Valuation as a tool is a sledgehammer not a scalpel.
In general, we model our companies to the point they are likely to stabilise (typically 5 years but this could be longer) and assess the IRR over a range of scenarios, always thinking probabilistically. We strive to build solid forecasts within each scenario and to understand the broad probability of each scenario. However, we also try hard to avoid false precision; valuation as a tool is a sledgehammer not a scalpel. We have more confidence in our views of the business quality — that is, the characteristics we see today that increase the odds of success no matter what the future holds.
We assign a valuation / risk-reward score by assessing the range of returns versus the cost of capital. Again, this is not to make the process quantitative but to help promote consistency and tracking of decision-making. If a company passes our quality filter but is too expensive or not more attractive, risk-adjusted, than the current portfolio then it simply goes on our investable list.
Positions are sized based on conviction and risk-reward. Conviction is developed through our research and the risk-reward is determined with our valuation score, by comparing the range of potential returns versus the cost of capital. Further, sizing can never be decided in isolation from the rest of the portfolio, there is always a relative trade-off. We maintain a sizing framework that outlines suggested sizing ranges based on our quality and valuation scores. As before, the purpose of this framework is not to make the process quantitative and in any case, the framework is only a general guide. Rather, it’s purpose is to eliminate bias and inconsistency in our decision-making across the portfolio and over time.
The portfolio is adjusted only when there are very material changes in the risk-reward profiles. Positions are sold entirely if the investment is unlikely to compensate for the risks even over the long-term, if the quality thesis deteriorates or is proven wrong, or if the portfolio is fully invested and a competing idea takes precedence.
Once we find the assets we want to own, we avoid the need to feel productive through action. We are unlikely to add value from excessively trading around our positions. Rather, our focus is on assessing whether our investments remain good economic machines by regularly assessing the business performance (not the stock price performance) and any potential disruptive threats. Valuation is only a concern when the margin-of-safety is no longer adequate.
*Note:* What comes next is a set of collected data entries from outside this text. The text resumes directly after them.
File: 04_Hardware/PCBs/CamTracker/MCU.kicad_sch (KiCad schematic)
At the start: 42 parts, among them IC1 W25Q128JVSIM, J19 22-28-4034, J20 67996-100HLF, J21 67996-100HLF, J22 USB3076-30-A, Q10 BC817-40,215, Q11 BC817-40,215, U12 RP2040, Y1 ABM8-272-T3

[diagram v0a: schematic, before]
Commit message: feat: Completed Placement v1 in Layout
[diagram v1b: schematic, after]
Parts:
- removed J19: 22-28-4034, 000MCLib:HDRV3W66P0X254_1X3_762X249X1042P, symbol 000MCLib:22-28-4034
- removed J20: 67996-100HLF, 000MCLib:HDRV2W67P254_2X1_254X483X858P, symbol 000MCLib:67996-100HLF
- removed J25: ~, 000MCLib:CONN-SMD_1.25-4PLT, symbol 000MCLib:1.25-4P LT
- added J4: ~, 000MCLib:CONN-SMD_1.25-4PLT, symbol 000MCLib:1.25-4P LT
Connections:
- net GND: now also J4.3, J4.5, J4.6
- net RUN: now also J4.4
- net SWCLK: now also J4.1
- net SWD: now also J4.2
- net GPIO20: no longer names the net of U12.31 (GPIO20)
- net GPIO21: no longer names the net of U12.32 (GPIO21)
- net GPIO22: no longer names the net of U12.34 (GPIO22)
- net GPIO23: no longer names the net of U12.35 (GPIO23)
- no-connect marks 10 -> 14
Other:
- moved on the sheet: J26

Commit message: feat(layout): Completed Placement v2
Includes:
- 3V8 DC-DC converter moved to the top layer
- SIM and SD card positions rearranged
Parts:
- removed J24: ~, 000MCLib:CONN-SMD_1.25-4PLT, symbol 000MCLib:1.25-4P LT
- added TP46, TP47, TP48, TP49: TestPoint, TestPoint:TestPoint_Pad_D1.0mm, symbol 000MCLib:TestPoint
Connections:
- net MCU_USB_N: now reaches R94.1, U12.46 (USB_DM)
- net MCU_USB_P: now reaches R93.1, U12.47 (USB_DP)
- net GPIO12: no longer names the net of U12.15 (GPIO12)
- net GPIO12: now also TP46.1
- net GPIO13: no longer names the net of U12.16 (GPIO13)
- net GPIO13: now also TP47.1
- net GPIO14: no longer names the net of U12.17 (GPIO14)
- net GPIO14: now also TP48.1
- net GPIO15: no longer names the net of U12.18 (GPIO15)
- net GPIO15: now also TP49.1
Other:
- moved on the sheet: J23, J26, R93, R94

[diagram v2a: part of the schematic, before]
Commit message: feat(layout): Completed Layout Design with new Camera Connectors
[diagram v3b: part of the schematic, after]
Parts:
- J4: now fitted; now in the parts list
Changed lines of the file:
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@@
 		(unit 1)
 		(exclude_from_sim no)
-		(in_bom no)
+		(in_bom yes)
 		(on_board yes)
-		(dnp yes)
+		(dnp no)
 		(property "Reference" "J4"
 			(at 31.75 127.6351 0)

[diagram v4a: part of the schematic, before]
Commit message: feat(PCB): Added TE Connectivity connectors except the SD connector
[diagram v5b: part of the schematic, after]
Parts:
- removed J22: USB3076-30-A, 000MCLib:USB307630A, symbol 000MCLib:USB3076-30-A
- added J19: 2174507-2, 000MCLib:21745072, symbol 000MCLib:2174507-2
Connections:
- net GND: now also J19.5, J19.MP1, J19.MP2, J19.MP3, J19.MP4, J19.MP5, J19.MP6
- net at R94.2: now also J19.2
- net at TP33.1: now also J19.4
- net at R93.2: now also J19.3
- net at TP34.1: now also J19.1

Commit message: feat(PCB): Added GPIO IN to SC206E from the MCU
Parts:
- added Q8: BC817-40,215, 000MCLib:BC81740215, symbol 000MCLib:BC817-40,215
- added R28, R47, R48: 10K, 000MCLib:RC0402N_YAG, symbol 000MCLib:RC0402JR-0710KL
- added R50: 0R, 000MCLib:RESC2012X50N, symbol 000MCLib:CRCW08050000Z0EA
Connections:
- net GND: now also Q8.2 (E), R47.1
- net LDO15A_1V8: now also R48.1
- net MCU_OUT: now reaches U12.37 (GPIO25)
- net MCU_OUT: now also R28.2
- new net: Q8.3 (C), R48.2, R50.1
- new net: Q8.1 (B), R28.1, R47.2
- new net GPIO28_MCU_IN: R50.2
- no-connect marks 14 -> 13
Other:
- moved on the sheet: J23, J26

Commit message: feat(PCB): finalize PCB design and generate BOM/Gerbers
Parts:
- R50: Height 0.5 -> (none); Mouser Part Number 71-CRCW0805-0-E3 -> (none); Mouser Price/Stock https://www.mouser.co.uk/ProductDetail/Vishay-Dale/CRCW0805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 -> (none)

We want to allow our investments time to compound over the long-term, maximising our return on effort.
Our primary risk-mitigant is the quality of the businesses we own. Conviction in the quality is built through our research process and business quality framework. This includes analysing and understanding the known unknowns. The business resilience of high-quality companies is what helps mitigate the unknown unknowns. Our second risk-mitigant is to own businesses with an appropriate margin-of-safety. Our final risk-mitigant is to maintain humility in concentration. Concentration is required in our strategy, but some diversification is also useful.
As portfolio manager, I am the final decision-maker for our portfolio and investable list. All decisions are recorded in our research management system to ensure we capture our current mindset and thinking. This is critical if we are to analyse our decisions in the future and learn from our mistakes. Equally important is what we consider to be decisions. The action of buying or selling a stock might intuitively equate to a decision. However, we must also consider our more implicit decisions and make them explicit. For example, material changes in position size due to market movements are decisions equally as critical to the action of buying or selling.